> **Records provided**:

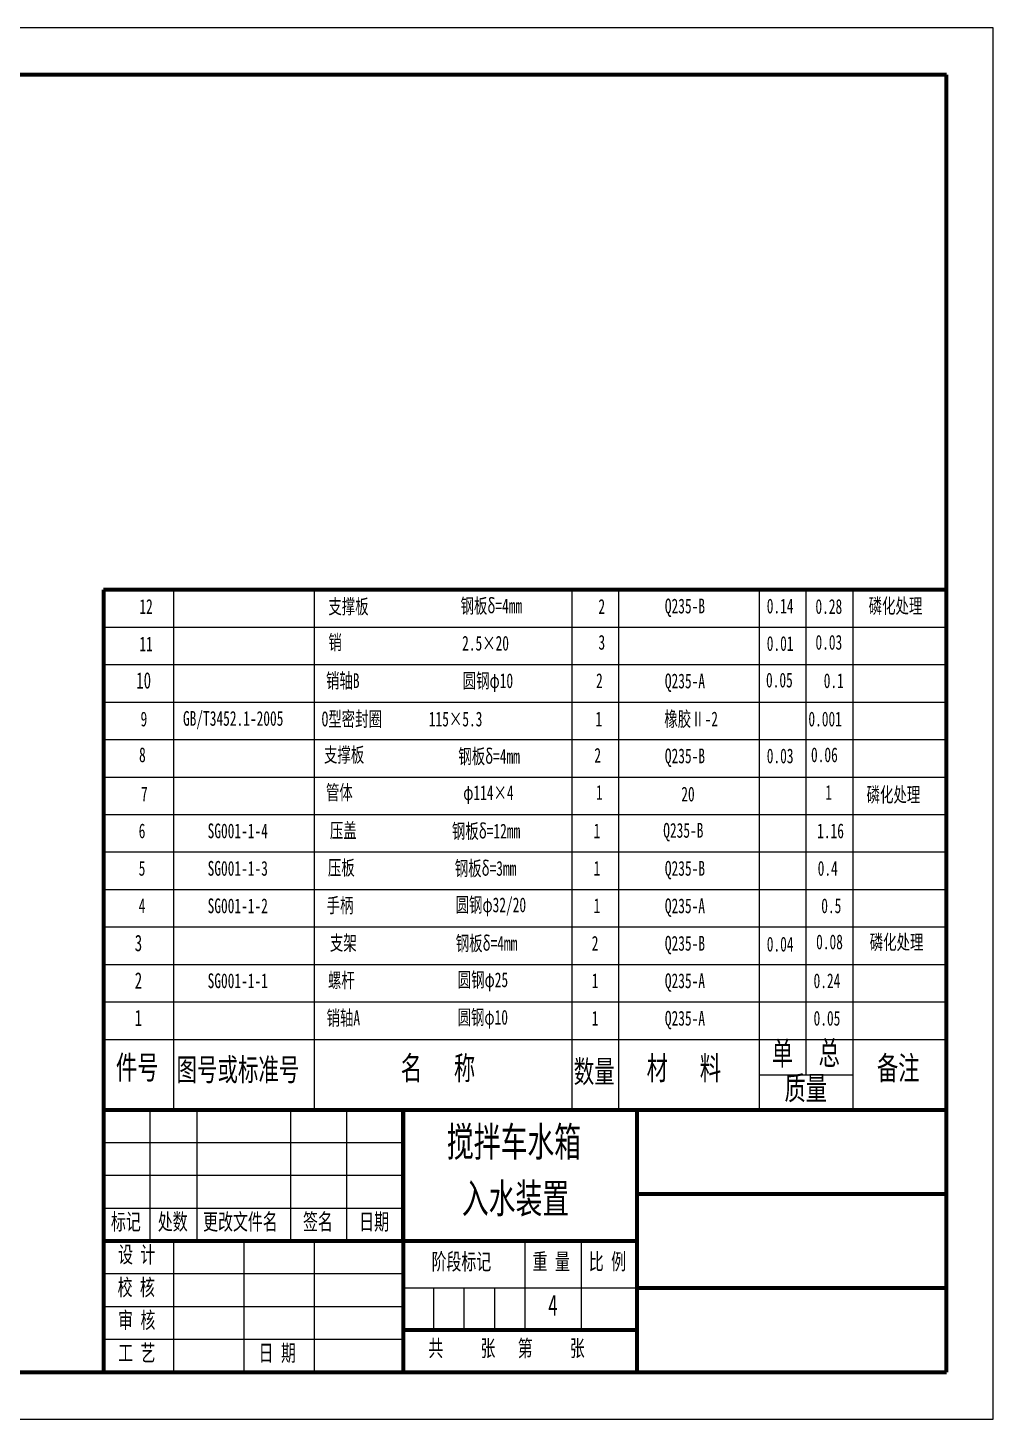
# Model space of a CAD drawing. Header units: millimetres. Extents: x 1710 to 11795, y -473 to 5548.
# Drawn here: x 3848 to 5910, y 2578 to 5548 of the extents above; entities that cross this region are included whole.
import ezdxf

# ---------------------------------------------------------------- set-up
doc = ezdxf.new("R2010")
doc.units = ezdxf.units.MM
for name, color, linetype, lineweight in [('CAXA0', 7, 'Continuous', 70), ('CAXA3', 30, 'Continuous', 25), ('CAXA4', 3, 'Continuous', 25)]:
    doc.layers.add(name, color=color, linetype=linetype, lineweight=lineweight)
doc.styles.add('UserTxtStyle25', font='', dxfattribs={"width": 0.667})
doc.styles.add('标准', font='', dxfattribs={"width": 0.667})
doc.styles.get('UserTxtStyle25').set_extended_font_data('FangSong_GB2312')
doc.styles.get('标准').set_extended_font_data('FangSong_GB2312')

msp = doc.modelspace()

# ---------------------------------------------------------------- linework, layer by layer
at = {"layer": 'CAXA0'}
for p, q in [((5809.51, 5448.44), (1959.51, 5448.44)), ((5809.51, 2678.44), (5809.51, 5448.44)), ((1959.51, 2678.44), (5809.51, 2678.44))]:
    msp.add_line(p, q, dxfattribs=at)
at = {"layer": 'CAXA0', "linetype": 'Continuous', "lineweight": 70}
for p, q in [((4009.51, 4348.44), (4009.51, 2678.44)), ((4009.51, 3238.44), (5809.51, 3238.44)), ((4649.51, 2958.44), (4649.51, 3238.44)), ((4649.51, 3238.44), (4649.51, 2678.44)), ((5149.51, 2678.44), (5149.51, 3238.44)), ((5809.51, 3058.44), (5149.51, 3058.44)), ((5149.51, 2958.44), (4009.51, 2958.44)), ((5809.51, 2858.44), (5149.51, 2858.44)), ((5149.51, 2768.44), (4649.51, 2768.44))]:
    msp.add_line(p, q, dxfattribs=at)
at = {"layer": 'CAXA3'}
for p, q in [((5909.51, 5548.44), (1709.51, 5548.44)), ((5909.51, 2578.44), (5909.51, 5548.44)), ((5809.51, 4028.44), (4009.51, 4028.44)), ((5809.51, 3948.44), (4009.51, 3948.44)), ((5809.51, 3868.44), (4009.51, 3868.44)), ((5809.51, 3788.44), (4009.51, 3788.44)), ((5809.51, 3708.44), (4009.51, 3708.44)), ((1709.51, 2578.44), (5909.51, 2578.44))]:
    msp.add_line(p, q, dxfattribs=at)
at = {"layer": 'CAXA3', "color": 7, "linetype": 'Continuous', "lineweight": 70}
msp.add_line((5809.51, 4348.44), (4009.51, 4348.44), dxfattribs=at)
at = {"layer": 'CAXA3', "linetype": 'Continuous', "lineweight": 25}
for p, q in [((4159.51, 4348.44), (4159.51, 3238.44)), ((4459.51, 4348.44), (4459.51, 3238.44)), ((5009.51, 4348.44), (5009.51, 3238.44)), ((5109.51, 4348.44), (5109.51, 3238.44)), ((5409.51, 4348.44), (5409.51, 3238.44)), ((5509.51, 4348.44), (5509.51, 3313.44)), ((5609.51, 4348.44), (5609.51, 3238.44)), ((5809.51, 4268.44), (4009.51, 4268.44)), ((5809.51, 4188.44), (4009.51, 4188.44)), ((5809.51, 4108.44), (4009.51, 4108.44)), ((5809.51, 3628.44), (4009.51, 3628.44)), ((5809.51, 3548.44), (4009.51, 3548.44)), ((5809.51, 3468.44), (4009.51, 3468.44)), ((5809.51, 3388.44), (4009.51, 3388.44)), ((5409.51, 3313.44), (5609.51, 3313.44)), ((4109.51, 2958.44), (4109.51, 3238.44)), ((4209.51, 2958.44), (4209.51, 3238.44)), ((4409.51, 2958.44), (4409.51, 3238.44)), ((4529.51, 2958.44), (4529.51, 3238.44)), ((4649.51, 3168.44), (4009.51, 3168.44)), ((4649.51, 3098.44), (4009.51, 3098.44)), ((4649.51, 3028.44), (4009.51, 3028.44)), ((4159.51, 2958.44), (4159.51, 2678.44)), ((4309.51, 2958.44), (4309.51, 2678.44)), ((4459.51, 2958.44), (4459.51, 2678.44)), ((4909.51, 2958.44), (4909.51, 2768.44)), ((5029.51, 2958.44), (5029.51, 2768.44)), ((4649.51, 2888.44), (4009.51, 2888.44)), ((5149.51, 2858.44), (4649.51, 2858.44)), ((4714.51, 2858.44), (4714.51, 2768.44)), ((4779.51, 2858.44), (4779.51, 2768.44)), ((4844.51, 2858.44), (4844.51, 2768.44)), ((4649.51, 2818.44), (4009.51, 2818.44)), ((4649.51, 2748.44), (4009.51, 2748.44))]:
    msp.add_line(p, q, dxfattribs=at)

# ---------------------------------------------------------------- texts
at = {"layer": 'CAXA4', "linetype": 'Continuous', "lineweight": 25, "attachment_point": 1}
for s, insert, char_height, style in [('\\fFangSong_GB2312|b0|i0|p34;12', (4086.45, 4329.01), 31.5, '标准'), ('\\fFangSong_GB2312|b0|i0|p34;支撑板', (4489.96, 4329.01), 31.5, '标准'), ('\\fFangSong_GB2312|b0|i0|p34;钢板δ=4mm', (4772.2, 4330.31), 31.5, '标准'), ('\\fFangSong_GB2312|b0|i0|p34;2', (5066.58, 4329.01), 31.5, '标准'), ('\\fFangSong_GB2312|b0|i0|p34;Q235-B', (5208.46, 4330.02), 31.5, '标准'), ('\\fFangSong_GB2312|b0|i0|p34;0.14', (5426, 4330.02), 31.5, '标准'), ('\\fFangSong_GB2312|b0|i0|p34;0.28', (5529.96, 4329.01), 31.5, '标准'), ('\\fFangSong_GB2312|b0|i0|p34;磷化处理', (5643.58, 4330.22), 31.5, '标准'), ('\\fFangSong_GB2312|b0|i0|p34;11', (4086.45, 4249.01), 31.5, '标准'), ('\\fFangSong_GB2312|b0|i0|p34;销', (4490.04, 4252.55), 31.5, '标准'), ('\\fFangSong_GB2312|b0|i0|p34;2.5×20', (4775.56, 4250.59), 31.5, '标准'), ('\\fFangSong_GB2312|b0|i0|p34;3', (5066.66, 4252.55), 31.5, '标准'), ('\\fFangSong_GB2312|b0|i0|p34;0.01', (5426, 4250.02), 31.5, '标准'), ('\\fFangSong_GB2312|b0|i0|p34;0.03', (5530.03, 4252.55), 31.5, '标准'), ('\\fFangSong_GB2312|b0|i0|p34;10', (4079.66, 4173.01), 35.001, '标准'), ('\\fFangSong_GB2312|b0|i0|p34;销轴B', (4484.95, 4170.61), 31.5, '标准'), ('\\fFangSong_GB2312|b0|i0|p34;圆钢φ10', (4776.8, 4170.56), 31.5, '标准'), ('\\fFangSong_GB2312|b0|i0|p34;2', (5061.57, 4170.61), 31.5, '标准'), ('\\fFangSong_GB2312|b0|i0|p34;Q235-A', (5208.46, 4170.02), 31.5, '标准'), ('\\fFangSong_GB2312|b0|i0|p34;0.05', (5424.4, 4171.95), 31.5, '标准'), ('\\fFangSong_GB2312|b0|i0|p34;0.1', (5547.66, 4170.61), 31.5, '标准'), ('\\fFangSong_GB2312|b0|i0|p34;9', (4088.98, 4088.82), 31.5, '标准'), ('\\fFangSong_GB2312|b0|i0|p34;GB/T3452.1-2005', (4179.52, 4090.02), 31.5, '标准'), ('\\fFangSong_GB2312|b0|i0|p34;O型密封圈       115×5.3', (4475.55, 4088.82), 31.5, '标准'), ('\\fFangSong_GB2312|b0|i0|p34;1', (5060.35, 4088.82), 31.5, '标准'), ('\\fFangSong_GB2312|b0|i0|p34;橡胶Ⅱ-2', (5207.31, 4088.82), 31.5, '标准'), ('\\fFangSong_GB2312|b0|i0|p34;0.001', (5514.95, 4088.82), 31.5, '标准'), ('\\fFangSong_GB2312|b0|i0|p34;8', (4085.77, 4012.45), 31.5, '标准'), ('\\fFangSong_GB2312|b0|i0|p34;支撑板', (4480.52, 4012.45), 31.5, '标准'), ('\\fFangSong_GB2312|b0|i0|p34;钢板δ=4mm', (4767.45, 4009.09), 31.5, '标准'), ('\\fFangSong_GB2312|b0|i0|p34;2', (5057.86, 4011.29), 31.5, '标准'), ('\\fFangSong_GB2312|b0|i0|p34;Q235-B', (5208.46, 4010.02), 31.5, '标准'), ('\\fFangSong_GB2312|b0|i0|p34;0.03', (5426, 4010.02), 31.5, '标准'), ('\\fFangSong_GB2312|b0|i0|p34;0.06', (5520.51, 4012.45), 31.5, '标准'), ('\\fFangSong_GB2312|b0|i0|p34;7', (4089.95, 3928.53), 31.5, '标准'), ('\\fFangSong_GB2312|b0|i0|p34;管体', (4484.77, 3932.07), 31.5, '标准'), ('\\fFangSong_GB2312|b0|i0|p34;φ114×4', (4777.99, 3931.39), 31.5, '标准'), ('\\fFangSong_GB2312|b0|i0|p34;1', (5061.39, 3932.07), 31.5, '标准'), ('\\fFangSong_GB2312|b0|i0|p34;20', (5243.54, 3928.59), 31.5, '标准'), ('\\fFangSong_GB2312|b0|i0|p34;1', (5551.08, 3932.07), 31.5, '标准'), ('\\fFangSong_GB2312|b0|i0|p34;磷化处理', (5639.17, 3927.39), 31.5, '标准'), ('\\fFangSong_GB2312|b0|i0|p34;6', (4084.94, 3850.13), 31.5, '标准'), ('\\fFangSong_GB2312|b0|i0|p34;SG001-1-4', (4232.14, 3850.02), 31.5, '标准'), ('\\fFangSong_GB2312|b0|i0|p34;压盖', (4493.21, 3850.97), 31.5, '标准'), ('\\fFangSong_GB2312|b0|i0|p34;钢板δ=12mm', (4753.83, 3849.56), 31.5, '标准'), ('\\fFangSong_GB2312|b0|i0|p34;1', (5056.3, 3850.13), 31.5, '标准'), ('\\fFangSong_GB2312|b0|i0|p34;Q235-B', (5205.03, 3851.13), 31.5, '标准'), ('\\fFangSong_GB2312|b0|i0|p34;1.16', (5533.62, 3850.13), 31.5, '标准'), ('\\fFangSong_GB2312|b0|i0|p34;压板', (4489.02, 3771.32), 31.5, '标准'), ('\\fFangSong_GB2312|b0|i0|p34;钢板δ=3mm', (4759.82, 3770.02), 31.5, '标准'), ('\\fFangSong_GB2312|b0|i0|p34;5', (4084.94, 3770.13), 31.5, '标准'), ('\\fFangSong_GB2312|b0|i0|p34;SG001-1-3', (4232.14, 3770.02), 31.5, '标准'), ('\\fFangSong_GB2312|b0|i0|p34;1', (5056.3, 3770.13), 31.5, '标准'), ('\\fFangSong_GB2312|b0|i0|p34;Q235-B', (5208.46, 3770.02), 31.5, '标准'), ('\\fFangSong_GB2312|b0|i0|p34;0.4', (5534.77, 3770.02), 31.5, '标准'), ('\\fFangSong_GB2312|b0|i0|p34;4\\P', (4084.94, 3690.13), 31.5, '标准'), ('\\fFangSong_GB2312|b0|i0|p34;SG001-1-2', (4232.14, 3690.02), 31.5, '标准'), ('\\fFangSong_GB2312|b0|i0|p34;手柄', (4486.15, 3690.97), 31.5, '标准'), ('\\fFangSong_GB2312|b0|i0|p34;圆钢φ32/20', (4761.65, 3692.11), 31.5, '标准'), ('\\fFangSong_GB2312|b0|i0|p34;1', (5056.3, 3690.13), 31.5, '标准'), ('\\fFangSong_GB2312|b0|i0|p34;Q235-A', (5208.46, 3690.02), 31.5, '标准'), ('\\fFangSong_GB2312|b0|i0|p34;0.5', (5542.4, 3690.13), 31.5, '标准'), ('\\fFangSong_GB2312|b0|i0|p34;3', (4076.51, 3612.41), 35, '标准'), ('\\fFangSong_GB2312|b0|i0|p34;支架', (4493.19, 3610.86), 31.5, '标准'), ('\\fFangSong_GB2312|b0|i0|p34;钢板δ=4mm', (4761.93, 3610.02), 31.5, '标准'), ('\\fFangSong_GB2312|b0|i0|p34;2', (5052.31, 3610.02), 31.5, '标准'), ('\\fFangSong_GB2312|b0|i0|p34;Q235-B', (5208.46, 3610.02), 31.5, '标准'), ('\\fFangSong_GB2312|b0|i0|p34;0.04', (5426.05, 3608.24), 31.5, '标准'), ('\\fFangSong_GB2312|b0|i0|p34;0.08', (5531.44, 3613.03), 31.5, '标准'), ('\\fFangSong_GB2312|b0|i0|p34;磷化处理', (5645.91, 3612.51), 31.5, '标准'), ('\\fFangSong_GB2312|b0|i0|p34;螺杆', (4489, 3531.21), 31.5, '标准'), ('\\fFangSong_GB2312|b0|i0|p34;圆钢φ25', (4766.18, 3532.11), 31.5, '标准'), ('\\fFangSong_GB2312|b0|i0|p34;2', (4076.51, 3532.41), 35, '标准'), ('\\fFangSong_GB2312|b0|i0|p34;SG001-1-1', (4232.14, 3530.02), 31.5, '标准'), ('\\fFangSong_GB2312|b0|i0|p34;1', (5052.31, 3530.02), 31.5, '标准'), ('\\fFangSong_GB2312|b0|i0|p34;Q235-A', (5208.46, 3530.02), 31.5, '标准'), ('\\fFangSong_GB2312|b0|i0|p34;0.24', (5526, 3530.02), 31.5, '标准'), ('\\fFangSong_GB2312|b0|i0|p34;1\\P', (4076.51, 3452.41), 35, '标准'), ('\\fFangSong_GB2312|b0|i0|p34;销轴A', (4486.13, 3450.86), 31.5, '标准'), ('\\fFangSong_GB2312|b0|i0|p34;圆钢φ10', (4765.87, 3452.11), 31.5, '标准'), ('\\fFangSong_GB2312|b0|i0|p34;1', (5052.31, 3450.02), 31.5, '标准'), ('\\fFangSong_GB2312|b0|i0|p34;Q235-A', (5208.46, 3450.02), 31.5, '标准'), ('\\fFangSong_GB2312|b0|i0|p34;0.05', (5526, 3450.02), 31.5, '标准'), ('\\fFangSong_GB2312|b0|i0|p34;单', (5436.66, 3384.08), 50, '标准'), ('\\fFangSong_GB2312|b0|i0|p34;总', (5536.66, 3385.22), 50, '标准'), ('\\fFangSong_GB2312|b0|i0|p34;件号', (4036.32, 3354.39), 50, '标准'), ('\\fFangSong_GB2312|b0|i0|p34;名   称', (4644.55, 3353.01), 50, '标准'), ('\\fFangSong_GB2312|b0|i0|p34;材   料', (5169.55, 3353.01), 50, '标准'), ('\\fFangSong_GB2312|b0|i0|p34;备注', (5661.32, 3353.01), 50, '标准'), ('\\fFangSong_GB2312|b0|i0|p34;图号或标准号', (4165.92, 3348.64), 48, '标准'), ('\\fFangSong_GB2312|b0|i0|p34;数量', (5014.04, 3344.5), 48, '标准'), ('\\fFangSong_GB2312|b0|i0|p34;质量', (5463.94, 3310.19), 50, '标准'), ('\\fFangSong_GB2312|b0|i0|p34;搅拌车水箱', (4742.99, 3202.01), 63, '标准'), ('\\fFangSong_GB2312|b0|i0|p34;入水装置', (4774.92, 3081.18), 63, '标准'), ('\\fFangSong_GB2312|b0|i0|p34;标记', (4025.78, 3017.41), 35, '标准'), ('\\fFangSong_GB2312|b0|i0|p34;更改文件名', (4222.55, 3017.41), 35, '标准'), ('\\fFangSong_GB2312|b0|i0|p34;签名', (4435.78, 3017.41), 35, '标准'), ('\\fFangSong_GB2312|b0|i0|p34;日期', (4555.78, 3017.41), 35, 'UserTxtStyle25'), ('\\fFangSong_GB2312|b0|i0|p34;设 计', (4041.03, 2947.41), 35, '标准'), ('\\fFangSong_GB2312|b0|i0|p34;阶段标记', (4710.29, 2932.41), 35, '标准'), ('\\fFangSong_GB2312|b0|i0|p34;校 核', (4039.94, 2877.47), 35, '标准'), ('\\fFangSong_GB2312|b0|i0|p34;4', (4959.23, 2844.26), 45, '标准'), ('\\fFangSong_GB2312|b0|i0|p34;审 核', (4041.03, 2807.41), 35, '标准'), ('\\fFangSong_GB2312|b0|i0|p34;工 艺', (4041.03, 2737.41), 35, '标准'), ('\\fFangSong_GB2312|b0|i0|p34;日 期', (4341.03, 2737.41), 35, '标准'), ('\\fFangSong_GB2312|b0|i0|p34;共     张   第     张', (4703.6, 2747.41), 35, '标准')]:
    msp.add_mtext(s, dxfattribs=dict(at, insert=insert, char_height=char_height, style=style))
at = {"layer": 'CAXA4', "char_height": 35, "attachment_point": 1, "style": '标准'}
for s, insert in [('\\fFangSong_GB2312|b0|i0|p34;处数', (4125.78, 3017.41)), ('\\fFangSong_GB2312|b0|i0|p34;重 量', (4926.03, 2932.41)), ('\\fFangSong_GB2312|b0|i0|p34;比 例', (5046.03, 2932.41))]:
    msp.add_mtext(s, dxfattribs=dict(at, insert=insert))

doc.saveas('drawing.dxf')

> **Task statement**:
Return each line of the entries that holds the string "dict".

> **Result below**:
    msp.add_mtext(s, dxfattribs=dict(at, insert=insert, char_height=char_height, style=style))
    msp.add_mtext(s, dxfattribs=dict(at, insert=insert))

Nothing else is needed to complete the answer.